Grant Hardy, director of humanities, said he favors adjusting the vision for the clusters so it might better help students show concrete evidence of their interdisciplinary background.
“One of the ideas that I hope will come out of it, is creating some interdisciplinary minors,” Hardy said. “Which isn’t something that we’ve had before, but that may take some of those clusters and allow students to do them in such a way that it still shows up on your transcript that you’ve done something in, say, sustainability or something that requires classes from different prefixes.”
The task force also voted against reducing the humanities program from 16 credit hours to 12 credit hours. The proposed reduction would have necessitated making either Humanities 124 or 214 optional or redistributing the course across three classes instead of four.
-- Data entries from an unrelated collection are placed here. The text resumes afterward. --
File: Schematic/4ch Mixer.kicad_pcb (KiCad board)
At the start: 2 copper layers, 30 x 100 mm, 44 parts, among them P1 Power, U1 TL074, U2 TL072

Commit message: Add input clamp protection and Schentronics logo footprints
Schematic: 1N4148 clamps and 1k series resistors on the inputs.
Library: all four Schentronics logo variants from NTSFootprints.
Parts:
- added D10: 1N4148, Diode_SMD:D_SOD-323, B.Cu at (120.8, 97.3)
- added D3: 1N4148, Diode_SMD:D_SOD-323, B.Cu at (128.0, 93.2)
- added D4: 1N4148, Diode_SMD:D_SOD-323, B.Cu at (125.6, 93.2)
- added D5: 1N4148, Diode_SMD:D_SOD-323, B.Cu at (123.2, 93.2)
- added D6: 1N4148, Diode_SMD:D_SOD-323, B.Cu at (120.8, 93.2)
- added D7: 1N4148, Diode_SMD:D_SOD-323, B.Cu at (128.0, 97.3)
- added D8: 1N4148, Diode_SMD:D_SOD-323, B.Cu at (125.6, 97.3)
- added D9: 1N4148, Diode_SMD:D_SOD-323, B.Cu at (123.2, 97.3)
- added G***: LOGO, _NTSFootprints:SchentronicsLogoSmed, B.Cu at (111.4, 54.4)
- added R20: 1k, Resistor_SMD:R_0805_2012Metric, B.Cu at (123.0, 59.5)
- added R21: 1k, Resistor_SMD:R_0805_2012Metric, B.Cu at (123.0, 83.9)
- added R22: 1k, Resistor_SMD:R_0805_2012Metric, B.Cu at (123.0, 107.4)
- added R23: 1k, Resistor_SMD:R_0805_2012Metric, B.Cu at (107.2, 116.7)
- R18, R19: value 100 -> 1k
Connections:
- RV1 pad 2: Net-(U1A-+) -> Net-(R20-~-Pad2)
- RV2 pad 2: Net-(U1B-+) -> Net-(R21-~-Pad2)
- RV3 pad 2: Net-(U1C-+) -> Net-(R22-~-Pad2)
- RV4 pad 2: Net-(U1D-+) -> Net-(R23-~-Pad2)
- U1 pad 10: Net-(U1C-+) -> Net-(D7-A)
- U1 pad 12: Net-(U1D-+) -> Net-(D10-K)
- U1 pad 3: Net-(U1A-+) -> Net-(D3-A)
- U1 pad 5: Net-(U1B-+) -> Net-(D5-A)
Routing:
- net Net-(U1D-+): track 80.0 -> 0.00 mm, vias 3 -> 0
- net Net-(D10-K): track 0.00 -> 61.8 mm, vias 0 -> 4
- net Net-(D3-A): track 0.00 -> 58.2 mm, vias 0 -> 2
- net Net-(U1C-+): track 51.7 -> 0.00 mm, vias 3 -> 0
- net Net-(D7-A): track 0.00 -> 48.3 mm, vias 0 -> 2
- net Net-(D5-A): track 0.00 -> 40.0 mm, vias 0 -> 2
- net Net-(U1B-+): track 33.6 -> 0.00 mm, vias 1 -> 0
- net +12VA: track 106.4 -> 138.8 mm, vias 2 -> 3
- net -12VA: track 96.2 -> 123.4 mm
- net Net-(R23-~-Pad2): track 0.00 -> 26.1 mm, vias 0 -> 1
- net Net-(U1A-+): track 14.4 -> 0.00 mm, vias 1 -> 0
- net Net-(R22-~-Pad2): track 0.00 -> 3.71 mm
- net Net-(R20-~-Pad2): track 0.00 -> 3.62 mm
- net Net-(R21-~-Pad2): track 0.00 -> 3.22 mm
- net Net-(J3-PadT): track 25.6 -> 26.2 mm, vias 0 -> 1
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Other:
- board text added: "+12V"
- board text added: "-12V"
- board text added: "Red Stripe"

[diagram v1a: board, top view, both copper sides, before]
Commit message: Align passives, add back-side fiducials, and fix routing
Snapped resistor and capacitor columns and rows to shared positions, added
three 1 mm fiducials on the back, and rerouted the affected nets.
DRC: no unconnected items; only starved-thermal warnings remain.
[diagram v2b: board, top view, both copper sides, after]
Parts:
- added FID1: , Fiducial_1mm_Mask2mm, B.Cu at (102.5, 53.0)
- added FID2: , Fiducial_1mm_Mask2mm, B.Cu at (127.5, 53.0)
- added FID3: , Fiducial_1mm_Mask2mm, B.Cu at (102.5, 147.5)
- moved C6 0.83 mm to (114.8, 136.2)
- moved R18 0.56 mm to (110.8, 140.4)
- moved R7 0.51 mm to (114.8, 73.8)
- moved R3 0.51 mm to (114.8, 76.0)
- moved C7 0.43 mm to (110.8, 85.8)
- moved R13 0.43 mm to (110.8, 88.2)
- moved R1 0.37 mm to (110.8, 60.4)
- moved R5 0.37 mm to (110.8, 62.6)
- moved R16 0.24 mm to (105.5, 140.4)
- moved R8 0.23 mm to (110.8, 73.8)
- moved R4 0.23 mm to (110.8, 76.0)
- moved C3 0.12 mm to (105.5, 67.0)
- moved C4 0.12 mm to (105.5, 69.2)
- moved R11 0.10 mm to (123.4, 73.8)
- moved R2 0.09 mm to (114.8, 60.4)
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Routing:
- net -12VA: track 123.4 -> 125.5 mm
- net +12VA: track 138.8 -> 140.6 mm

“One of the things that people don’t always realize is that the humanities program is continually changing, and one of the big transitions over the last decade or so is trying to expand it to include more non-Western materials,” Hardy said. “When we thought about trying to take what we do in 16 hours and then cut out a quarter of that, in order to give students a basic understanding of their own culture and where we come from, it would have meant getting rid of a lot of the diversity stuff.”
Hardy said he also hopes to shape the humanities program to better conform to transfer students’ needs.
“One of the things we’d like to do, moving forward, is if transfers come in and they’ve taken courses that are like the humanities courses, they ought to come talk to the director to see if we could waive some requirements or count some things, because we don’t want transfer students to retake courses that they’ve basically already done before,” Hardy said.
Many of the changes in the proposal reflect a need to better support UNCA’s large transfer student population, which Frank said makes up nearly 50 percent of the student body.
“We are an institution that has a lot of transfer students, and we needed to, therefore, adjust the curriculum to that reality and not vice-versa,” Frank said. “We know that many of our transfers find it cumbersome, and have to go through a lot of hoops in order to get credit for their classes.”
The proposal further helps transfer students by eliminating the LSIC 379 introductory course, because many students and faculty found it an unnecessary requirement that treats transfer students like incoming freshmen.
“Plenty of people argued that its usefulness is debatable, and we also wanted to reduce the structure in the sense of too many requirements for our students,” Frank said. “Our students are telling us there are a lot of requirements.”
Erik Fraser, an environmental studies student who transferred to UNCA in fall 2012 after spending two years at the University of Maryland at College Park, also said the current requirements inhibit transfer students’ progress and said the proposed curriculum would better serve them.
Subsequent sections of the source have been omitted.